A few weeks ago, I was brainstorming with our publisher and editorial director, Bryan Welch, about images we could use to accompany this month’s cover feature, “Reimagining the American Dream.” Normally we make a game of going back and forth, but as soon as I described the stories we planned to publish, Bryan had a flash of inspiration.

Our stories are about reorienting expectations, not downward but outward: putting community interest before personal gain; reclaiming and reengaging our local political systems; fighting for people who keep our economy running, but can’t keep up; and demanding that, no matter where we are or what we’re fighting for, we play by the international rules. What better way to visually represent this optimistic agenda than to feature a portrait of Illinois senator Barack Obama, whose presidential campaign has energized a scared, skeptical nation?

Well, Bryan, I answered, professionally predisposed to argue, it’s true that a grassroots organizer and legal scholar with populist appeal is an attractive option. His rallies have the look, sound, and feel of a Hendrix concert.

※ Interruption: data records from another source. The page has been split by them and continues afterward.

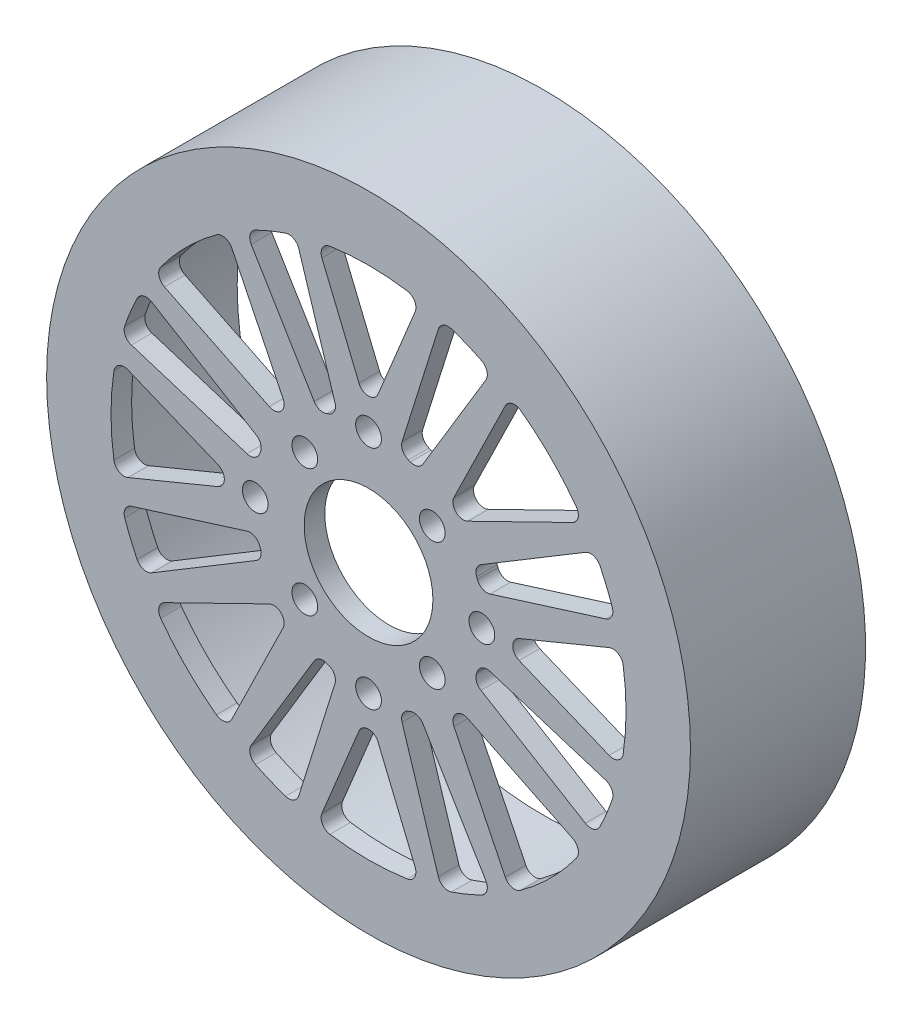
SolidWorks part; units mm, degrees
ref_plane "前视基准面" through (0, 0, 0) normal (0, 0, 1) x (1, 0, 0)
ref_plane "上视基准面" through (0, 0, 0) normal (0, 1, 0) x (1, 0, 0)
ref_plane "右视基准面" through (0, 0, 0) normal (1, 0, 0) x (0, 0, -1)
sketch "草图1" plane through (0, 0, 0) normal (0, 0, 1) x (1, 0, 0)
  line L0 (0, 0) -> (0, 22) construction
  line L1 (0, 0) -> (12.3744, 12.3744) construction
  circle A0 centre (0, 0) radius 72.5
  circle A1 centre (0, 0) radius 17.5 construction
  circle A2 centre (0, 0) radius 22 construction
  circle A3 centre (0, 22) radius 2.5
  circle A4 centre (12.3744, 12.3744) radius 2.5
  circle A5 centre (22, 0) radius 2.5
  circle A6 centre (12.3744, -12.3744) radius 2.5
  circle A7 centre (0, -22) radius 2.5
  circle A8 centre (-12.3744, -12.3744) radius 2.5
  circle A9 centre (-22, 0) radius 2.5
  circle A10 centre (-12.3744, 12.3744) radius 2.5
  point P24 (0, 0)
  dimension "D1" = 145
  dimension "D2" = 35
  dimension "D3" = 44
  dimension "D4" = 5
  dimension "D6" = 4
  dimension "D5" = 45
extrude "凸台-拉伸1" add sketch "草图1" along normal mid plane 4
sketch "草图2" plane through (0, 0, 2) normal (0, 0, 1) x (1, 0, 0)
  circle A0 centre (0, 0) radius 12.5
  dimension "D1" = 25
extrude "切除-拉伸1" cut sketch "草图2" against normal blind 4
sketch "草图3" plane through (0, 0, -2) normal (0, 0, -1) x (-1, 0, 0)
  circle A0 centre (0, 0) radius 72.5 construction
  circle A1 centre (0, 0) radius 72.5
  circle A2 centre (0, 0) radius 59.5
  dimension "D1" = 13
extrude "凸台-拉伸2" add sketch "草图3" along normal blind 30
sketch "草图4" plane through (0, 0, -32) normal (0, 0, -1) x (-1, 0, 0)
  circle A0 centre (0, 0) radius 72.5 construction
  circle A1 centre (0, 0) radius 72.5
  circle A2 centre (0, 0) radius 62.5
  dimension "D1" = 10
extrude "切除-拉伸2" cut sketch "草图4" against normal blind 44
sketch "草图5" plane through (0, 0, -2) normal (0, 0, -1) x (-1, 0, 0)
  line L0 (-9.0524, 46.6935) -> (-1.8488, 29.2371)
  line L1 (0, 0) -> (0, 30) construction
  line L2 (9.0524, 46.6935) -> (1.8488, 29.2371)
  line L3 (-13.5532, 46.0406) -> (-6.5123, 23.6064)
  line L4 (13.5532, 46.0406) -> (6.5123, 23.6064)
  line L5 (46.6935, 9.0524) -> (29.2371, 1.8488)
  line L6 (46.6935, -9.0524) -> (29.2371, -1.8488)
  line L7 (46.0406, -13.5532) -> (23.6064, -6.5123)
  line L8 (46.0406, 13.5532) -> (23.6064, 6.5123)
  line L9 (9.0524, -46.6935) -> (1.8488, -29.2371)
  line L10 (-9.0524, -46.6935) -> (-1.8488, -29.2371)
  line L11 (-13.5532, -46.0406) -> (-6.5123, -23.6064)
  line L12 (13.5532, -46.0406) -> (6.5123, -23.6064)
  line L13 (-46.6935, -9.0524) -> (-29.2371, -1.8488)
  line L14 (-46.6935, 9.0524) -> (-29.2371, 1.8488)
  line L15 (-46.0406, 13.5532) -> (-23.6064, 6.5123)
  line L16 (-46.0406, -13.5532) -> (-23.6064, -6.5123)
  line L17 (-16.5882, 19.2636) -> (-26.5456, 39.6181)
  line L18 (0, 0) -> (-12.3744, 12.3744) construction
  line L19 (-19.2636, 16.5882) -> (-39.6181, 26.5456)
  line L20 (-41.7121, 27.5699) -> (-27.5699, 41.7121) construction
  line L21 (-10, 48.9898) -> (10, 48.9898) construction
  line L22 (-22.7777, 42.0989) -> (-10.5577, 21.8157)
  line L23 (-42.0989, 22.7777) -> (-21.8157, 10.5577)
  line L24 (42.0989, 22.7777) -> (21.8157, 10.5577)
  line L25 (19.2636, 16.5882) -> (39.6181, 26.5456)
  line L26 (16.5882, 19.2636) -> (26.5456, 39.6181)
  line L27 (22.7777, 42.0989) -> (10.5577, 21.8157)
  line L28 (22.7777, -42.0989) -> (10.5577, -21.8157)
  line L29 (16.5882, -19.2636) -> (26.5456, -39.6181)
  line L30 (19.2636, -16.5882) -> (39.6181, -26.5456)
  line L31 (42.0989, -22.7777) -> (21.8157, -10.5577)
  line L32 (-42.0989, -22.7777) -> (-21.8157, -10.5577)
  line L33 (-19.2636, -16.5882) -> (-39.6181, -26.5456)
  line L34 (-16.5882, -19.2636) -> (-26.5456, -39.6181)
  line L35 (-22.7777, -42.0989) -> (-10.5577, -21.8157)
  circle A0 centre (0, 0) radius 30 construction
  arc A1 (-29.523, 40.3533) -> (-40.3533, 29.523) centre (0, 0) ccw
  arc A2 (-1.8488, 29.2371) -> (1.8488, 29.2371) centre (0, 30) ccw
  arc A3 (-21.1293, -7.7332) -> (-20.9827, -8.1226) centre (0, 0) ccw
  arc A4 (29.2371, 1.8488) -> (29.2371, -1.8488) centre (30, 0) ccw
  arc A5 (1.8488, -29.2371) -> (-1.8488, -29.2371) centre (0, -30) ccw
  arc A6 (-29.2371, -1.8488) -> (-29.2371, 1.8488) centre (-30, 0) ccw
  arc A7 (-16.5882, 19.2636) -> (-19.2636, 16.5882) centre (-18.3848, 18.3848) cw
  arc A8 (19.2636, 16.5882) -> (16.5882, 19.2636) centre (18.3848, 18.3848) cw
  arc A9 (16.5882, -19.2636) -> (19.2636, -16.5882) centre (18.3848, -18.3848) cw
  arc A10 (-19.2636, -16.5882) -> (-16.5882, -19.2636) centre (-18.3848, -18.3848) cw
  arc A11 (-16.1056, 47.3351) -> (-21.9423, 44.9281) centre (0, 0) ccw
  arc A12 (7.5038, 49.4337) -> (-7.5038, 49.4337) centre (0, 0) ccw
  arc A13 (21.9423, 44.9281) -> (16.1056, 47.3351) centre (0, 0) ccw
  arc A14 (40.3533, 29.523) -> (29.523, 40.3533) centre (0, 0) ccw
  arc A15 (47.3351, 16.1056) -> (44.9281, 21.9423) centre (0, 0) ccw
  arc A16 (49.4337, -7.5038) -> (49.4337, 7.5038) centre (0, 0) ccw
  arc A17 (44.9281, -21.9423) -> (47.3351, -16.1056) centre (0, 0) ccw
  arc A18 (29.523, -40.3533) -> (40.3533, -29.523) centre (0, 0) ccw
  arc A19 (16.1056, -47.3351) -> (21.9423, -44.9281) centre (0, 0) ccw
  arc A20 (-7.5038, -49.4337) -> (7.5038, -49.4337) centre (0, 0) ccw
  arc A21 (-21.9423, -44.9281) -> (-16.1056, -47.3351) centre (0, 0) ccw
  arc A22 (-40.3533, -29.523) -> (-29.523, -40.3533) centre (0, 0) ccw
  arc A23 (-47.3351, -16.1056) -> (-44.9281, -21.9423) centre (0, 0) ccw
  arc A24 (-44.9281, 21.9423) -> (-47.3351, 16.1056) centre (0, 0) ccw
  arc A25 (-49.4337, 7.5038) -> (-49.4337, -7.5038) centre (0, 0) ccw
  arc A26 (-8.1226, -20.9827) -> (-7.7332, -21.1293) centre (0, 0) ccw
  arc A27 (-20.9827, 8.1226) -> (-21.1293, 7.7332) centre (0, 0) ccw
  arc A28 (-7.7332, 21.1293) -> (-8.1226, 20.9827) centre (0, 0) ccw
  arc A29 (8.1226, 20.9827) -> (7.7332, 21.1293) centre (0, 0) ccw
  arc A30 (21.1293, 7.7332) -> (20.9827, 8.1226) centre (0, 0) ccw
  arc A31 (20.9827, -8.1226) -> (21.1293, -7.7332) centre (0, 0) ccw
  arc A32 (7.7332, -21.1293) -> (8.1226, -20.9827) centre (0, 0) ccw
  arc A33 (6.5123, 23.6064) -> (7.7332, 21.1293) centre (8.4206, 23.0075) ccw
  arc A34 (10.5577, 21.8157) -> (8.1226, 20.9827) centre (8.8446, 22.8478) cw
  arc A35 (21.8157, 10.5577) -> (20.9827, 8.1226) centre (22.8478, 8.8446) ccw
  arc A36 (23.6064, 6.5123) -> (21.1293, 7.7332) centre (23.0075, 8.4206) cw
  arc A37 (23.6064, -6.5123) -> (21.1293, -7.7332) centre (23.0075, -8.4206) ccw
  arc A38 (21.8157, -10.5577) -> (20.9827, -8.1226) centre (22.8478, -8.8446) cw
  arc A39 (10.5577, -21.8157) -> (8.1226, -20.9827) centre (8.8446, -22.8478) ccw
  arc A40 (6.5123, -23.6064) -> (7.7332, -21.1293) centre (8.4206, -23.0075) cw
  arc A41 (-6.5123, -23.6064) -> (-7.7332, -21.1293) centre (-8.4206, -23.0075) ccw
  arc A42 (-10.5577, -21.8157) -> (-8.1226, -20.9827) centre (-8.8446, -22.8478) cw
  arc A43 (-21.8157, -10.5577) -> (-20.9827, -8.1226) centre (-22.8478, -8.8446) ccw
  arc A44 (-23.6064, -6.5123) -> (-21.1293, -7.7332) centre (-23.0075, -8.4206) cw
  arc A45 (-23.6064, 6.5123) -> (-21.1293, 7.7332) centre (-23.0075, 8.4206) ccw
  arc A46 (-21.8157, 10.5577) -> (-20.9827, 8.1226) centre (-22.8478, 8.8446) cw
  arc A47 (-42.0989, 22.7777) -> (-44.9281, 21.9423) centre (-43.131, 21.0646) ccw
  arc A48 (-46.0406, 13.5532) -> (-47.3351, 16.1056) centre (-45.4417, 15.4614) cw
  arc A49 (-46.6935, 9.0524) -> (-49.4337, 7.5038) centre (-47.4564, 7.2036) ccw
  arc A50 (-46.6935, -9.0524) -> (-49.4337, -7.5038) centre (-47.4564, -7.2036) cw
  arc A51 (-46.0406, -13.5532) -> (-47.3351, -16.1056) centre (-45.4417, -15.4614) ccw
  arc A52 (-42.0989, -22.7777) -> (-44.9281, -21.9423) centre (-43.131, -21.0646) cw
  arc A53 (-39.6181, -26.5456) -> (-40.3533, -29.523) centre (-38.7392, -28.3421) ccw
  arc A54 (-26.5456, -39.6181) -> (-29.523, -40.3533) centre (-28.3421, -38.7392) cw
  arc A55 (-22.7777, -42.0989) -> (-21.9423, -44.9281) centre (-21.0646, -43.131) ccw
  arc A56 (-13.5532, -46.0406) -> (-16.1056, -47.3351) centre (-15.4614, -45.4417) cw
  arc A57 (-9.0524, -46.6935) -> (-7.5038, -49.4337) centre (-7.2036, -47.4564) ccw
  arc A58 (9.0524, -46.6935) -> (7.5038, -49.4337) centre (7.2036, -47.4564) cw
  arc A59 (13.5532, -46.0406) -> (16.1056, -47.3351) centre (15.4614, -45.4417) ccw
  arc A60 (22.7777, -42.0989) -> (21.9423, -44.9281) centre (21.0646, -43.131) cw
  arc A61 (26.5456, -39.6181) -> (29.523, -40.3533) centre (28.3421, -38.7392) ccw
  arc A62 (39.6181, -26.5456) -> (40.3533, -29.523) centre (38.7392, -28.3421) cw
  arc A63 (42.0989, -22.7777) -> (44.9281, -21.9423) centre (43.131, -21.0646) ccw
  arc A64 (46.0406, -13.5532) -> (47.3351, -16.1056) centre (45.4417, -15.4614) cw
  arc A65 (46.6935, -9.0524) -> (49.4337, -7.5038) centre (47.4564, -7.2036) ccw
  arc A66 (46.6935, 9.0524) -> (49.4337, 7.5038) centre (47.4564, 7.2036) cw
  arc A67 (46.0406, 13.5532) -> (47.3351, 16.1056) centre (45.4417, 15.4614) ccw
  arc A68 (42.0989, 22.7777) -> (44.9281, 21.9423) centre (43.131, 21.0646) cw
  arc A69 (39.6181, 26.5456) -> (40.3533, 29.523) centre (38.7392, 28.3421) ccw
  arc A70 (26.5456, 39.6181) -> (29.523, 40.3533) centre (28.3421, 38.7392) cw
  arc A71 (22.7777, 42.0989) -> (21.9423, 44.9281) centre (21.0646, 43.131) ccw
  arc A72 (13.5532, 46.0406) -> (16.1056, 47.3351) centre (15.4614, 45.4417) cw
  arc A73 (9.0524, 46.6935) -> (7.5038, 49.4337) centre (7.2036, 47.4564) ccw
  arc A74 (-9.0524, 46.6935) -> (-7.5038, 49.4337) centre (-7.2036, 47.4564) cw
  arc A75 (-39.6181, 26.5456) -> (-40.3533, 29.523) centre (-38.7392, 28.3421) cw
  arc A76 (-26.5456, 39.6181) -> (-29.523, 40.3533) centre (-28.3421, 38.7392) ccw
  arc A77 (-13.5532, 46.0406) -> (-16.1056, 47.3351) centre (-15.4614, 45.4417) ccw
  arc A78 (-22.7777, 42.0989) -> (-21.9423, 44.9281) centre (-21.0646, 43.131) cw
  arc A79 (-10.5577, 21.8157) -> (-8.1226, 20.9827) centre (-8.8446, 22.8478) ccw
  arc A80 (-6.5123, 23.6064) -> (-7.7332, 21.1293) centre (-8.4206, 23.0075) cw
  circle A81 centre (0, 0) radius 26 construction
  dimension "D1" = 2
  dimension "D4" = 45
  dimension "D5" = 2
  dimension "D7" = 50
  dimension "D8" = 2
  dimension "D2" = 30
  dimension "D3" = 20
  dimension "D6" = 26
  dimension "D9" = 5
  dimension "D10" = 5
  dimension "D11" = 8.5
  dimension "D12" = 8.5
extrude "切除-拉伸3" cut sketch "草图5" against normal blind 44

And, hey, if everyone who already dropped a dime for the guy bought a copy of the magazine, our interns could retire to San Francisco and work for a nonprofit.

On the other hand . . . when it comes to photo ops, Google hits, and histrionic headlines, citizen Obama is giving Britney Spears a run for the record books. Utne Reader normally goes out of its way not to endorse political candidates (especially if they’re on a ballot and could actually win). And if our readers are anything like me, campaign fatigue started setting in when Santa was climbing down a chimney in West Des Moines to hide coal in the Clinton family stockings.

Bryan humored me, just as I would when other folks in the office worried over similar hypotheticals. He knew that, whether Obama wins or loses the Democratic nomination (undecided as I write), his image already represents something beyond the reach of any one politician. On the stump, candidates have come to define this something as a yearning for “change,” already 2008’s most overused and abused catchword. The kind of hope Obama inspires is much deeper and more lasting than the accompanying sound bites, however.

Watching others watch him, I’m reminded of the first time I saw long-shot lefty Paul Wellstone, who would ultimately win back-to-back terms in the U.S. Senate.